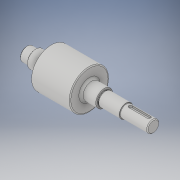
# Autodesk Inventor part: vratilo
Saved by Autodesk Inventor 2018 (Build 220112000, 112)
## iProperties
Created: 2018-05-05
Part Number: vratilo
Material: Generic
Document SubType Name: Modeling
Designer: Kristijan
Density: 1 g/cm^3
Appearance: Default
Author: Kristijan
Autodesk Inventor part; units mm, degrees
sketch "Sketch1" plane through (0, 0, 0) normal (1, 0, 0) x (0, 1, 0)
  circle A0 centre (0, 0) radius 36
  dimension "d0" = 72
  constraints: 1 centre point, 1 coincident
  measures "d0" diameter of A0
extrude "Extrusion1" add sketch "Sketch1" along normal mid plane 71
sketch "Sketch2" plane through (35.5, 0, 0) normal (1, 0, 0) x (0, 0, -1)
  circle A0 centre (0, 0) radius 15.5
  dimension "d3" = 31
  constraints: 1 centre point, 1 coincident
  measures "d3" diameter of A0
extrude "Extrusion2" add sketch "Sketch2" along normal blind 27
sketch "Sketch3" plane through (62.5, 0, 0) normal (1, 0, 0) x (0, 0, -1)
  circle A0 centre (0, 0) radius 12.5
  dimension "d6" = 25
  constraints: 1 centre point, 1 coincident
  measures "d6" diameter of A0
extrude "Extrusion3" add sketch "Sketch3" along normal blind 40
sketch "Sketch4" plane through (102.5, 0, 0) normal (1, 0, 0) x (0, 0, -1)
  circle A0 centre (0, 0) radius 11
  dimension "d9" = 22
  constraints: 1 centre point, 1 coincident
  measures "d9" diameter of A0
extrude "Extrusion4" add sketch "Sketch4" along normal blind 50
mirror "Mirror1" about plane through (0, 0, 0) normal (1, 0, 0) of "Extrusion2"
sketch "Sketch5" plane through (-62.5, 0, 0) normal (-1, 0, 0) x (0, 0, 1)
  circle A0 centre (0, 0) radius 12.5
  dimension "d12" = 25
  constraints: 1 centre point, 1 coincident
  measures "d12" diameter of A0
extrude "Extrusion5" add sketch "Sketch5" along normal blind 17
ref_plane "Work Plane1" through (102.5, 0, 11) normal (0, 0, 1) x (1, 0, 0)
sketch "Sketch6" plane through (102.5, 0, 11) normal (0, 0, 1) x (1, 0, 0)
  line L0 (8, 0) -> (42, 0) construction
  line L1 (8, -3) -> (42, -3)
  line L2 (42, 3) -> (8, 3)
  arc A0 (8, 3) -> (8, -3) centre (8, 0) ccw
  arc A1 (42, -3) -> (42, 3) centre (42, 0) ccw
  line L3 (50, -11) -> (50, 11) construction
  line L4 (-228.4, 0) -> (96.4, 0) construction
  line L5 (0, -12.5) -> (0, 12.5) construction
  point P0 (-102.5, 0)
  point P1 (25, 0)
  dimension "d15" = 34
  dimension "d16" = 6
  dimension "d18" = 5
  constraints: 8 end point, 4 point on circle, 4 tangent, 2 centre point, 1 collinear, 1 horizontal, 1 midpoint, 1 parallel
  measures "d15" distance of L0.start L0.end
  measures "d16" diameter of A1
  measures "d18" distance edge to line of A1 L3
extrude "Extrusion6" cut sketch "Sketch6" against normal blind 3.5
sketch "Sketch7" plane through (0, 0, 0) normal (0, 1, 0) x (-1, 0, 0)
  line L0 (-35.5, -15.5) -> (-62.5, -15.5) construction
  line L1 (-62.5, -15.5) -> (-62.5, -12.5) construction
  line L2 (-62.5, -12.5) -> (-102.5, -12.5) construction
  line L3 (-102.5, -12.5) -> (-102.5, -11) construction
  line L4 (-102.5, -11) -> (-152.5, -11) construction
  line L5 (-152.5, -11) -> (-152.5, 11) construction
  line L6 (-152.5, 11) -> (-147.5, 11) construction
  line L7 (-147.5, 11) -> (-147.5, 7.5) construction
  line L8 (-147.5, 7.5) -> (-107.5, 7.5) construction
  line L9 (-107.5, 7.5) -> (-107.5, 11) construction
  line L10 (-107.5, 11) -> (-102.5, 11) construction
  line L11 (-102.5, 11) -> (-102.5, 12.5) construction
  line L12 (-102.5, 12.5) -> (-62.5, 12.5) construction
  line L13 (-62.5, 12.5) -> (-62.5, 15.5) construction
  line L14 (-62.5, 15.5) -> (-35.5, 15.5) construction
  line L15 (-35.5, 15.5) -> (-35.5, 36) construction
  line L16 (-35.5, 36) -> (35.5, 36) construction
  line L17 (35.5, 36) -> (35.5, 15.5) construction
  line L18 (35.5, 15.5) -> (62.5, 15.5) construction
  line L19 (62.5, 15.5) -> (62.5, 12.5) construction
  line L20 (62.5, 12.5) -> (79.5, 12.5) construction
  line L21 (79.5, 12.5) -> (79.5, -12.5) construction
  line L22 (79.5, -12.5) -> (62.5, -12.5) construction
  line L23 (62.5, -12.5) -> (62.5, -15.5) construction
  line L24 (62.5, -15.5) -> (35.5, -15.5) construction
  line L25 (35.5, -15.5) -> (35.5, -36) construction
  line L26 (35.5, -36) -> (-35.5, -36) construction
  line L27 (-35.5, -36) -> (-35.5, -15.5) construction
  line L28 (-65, 15.4374) -> (-65, 12.5) construction
  line L29 (-62.5, 12.5) -> (-102.5, 12.5) construction
  line L30 (-65, 12.5) -> (-62.5, 12.5)
  line L31 (-62.5, 12.2) -> (-63.8804, 12.2)
  line L32 (-62.5, 15.5) -> (-62.5, -15.5) construction
  line L33 (-65, 12.5) -> (-63.8804, 12.2)
  line L34 (-62.5, 12.5) -> (-65, 12.5) construction
  line L35 (-62.5, 12.5) -> (-62.5, 12.2)
  line L36 (125.9, 0) -> (-198.9, 0) projected
  point P0 (0, 0)
  dimension "d21" = 2.5
  dimension "d24" = 0.3
  dimension "d25" = 15
  constraints: 12 end point, 3 point on line, 2 collinear, 2 horizontal, 1 vertical
  measures "d21" distance between parallel lines of L28 L13
  measures "d24" distance between parallel lines of L12 L31
  measures "d25" angle of L12 L33
revolve "Revolution1" cut sketch "Sketch7" angle 360 about axis through (-10, 0, 0) along (1, 0, 0)
mirror "Mirror2" about plane through (0, 0, 0) normal (1, 0, 0) of "Revolution1"
fillet "Fillet1" radius 0.6 1 edges at (62.5, 0, -12.2)
fillet "Fillet2" radius 0.6 1 edges at (63.8804, 0, -12.2)
fillet "Fillet3" radius 0.6 1 edges at (-62.5, 0, -12.2)
fillet "Fillet4" radius 0.6 1 edges at (-63.8804, 0, -12.2)
fillet "Fillet5" radius 0.6 1 edges at (102.5, 0, 11)
fillet "Fillet6" radius 4 2 edges at (35.5, 0, 15.5) (-35.5, 0, 15.5)
chamfer "Chamfer1" distance 1.5 angle 45 2 edges at (-79.5, 0, -12.5) (152.5, 0, 11)
chamfer "Chamfer2" distance 2 angle 30 1 edges at (35.5, -36, 0) measured on face at (35.5, -35.5, 0)
chamfer "Chamfer3" distance 2 angle 30 1 edges at (-35.5, -36, 0) measured on face at (-35.5, -35.5, 0)
body "Solid1"

What the task asks: Referring to the material above, set down exactly the lines between the line with "line L1 (8, -3) -> (42, -3)" and the line with "diameter of A1", inclusive, and no other lines.

Final answer:
  line L1 (8, -3) -> (42, -3)
  line L2 (42, 3) -> (8, 3)
  arc A0 (8, 3) -> (8, -3) centre (8, 0) ccw
  arc A1 (42, -3) -> (42, 3) centre (42, 0) ccw
  line L3 (50, -11) -> (50, 11) construction
  line L4 (-228.4, 0) -> (96.4, 0) construction
  line L5 (0, -12.5) -> (0, 12.5) construction
  point P0 (-102.5, 0)
  point P1 (25, 0)
  dimension "d15" = 34
  dimension "d16" = 6
  dimension "d18" = 5
  constraints: 8 end point, 4 point on circle, 4 tangent, 2 centre point, 1 collinear, 1 horizontal, 1 midpoint, 1 parallel
  measures "d15" distance of L0.start L0.end
  measures "d16" diameter of A1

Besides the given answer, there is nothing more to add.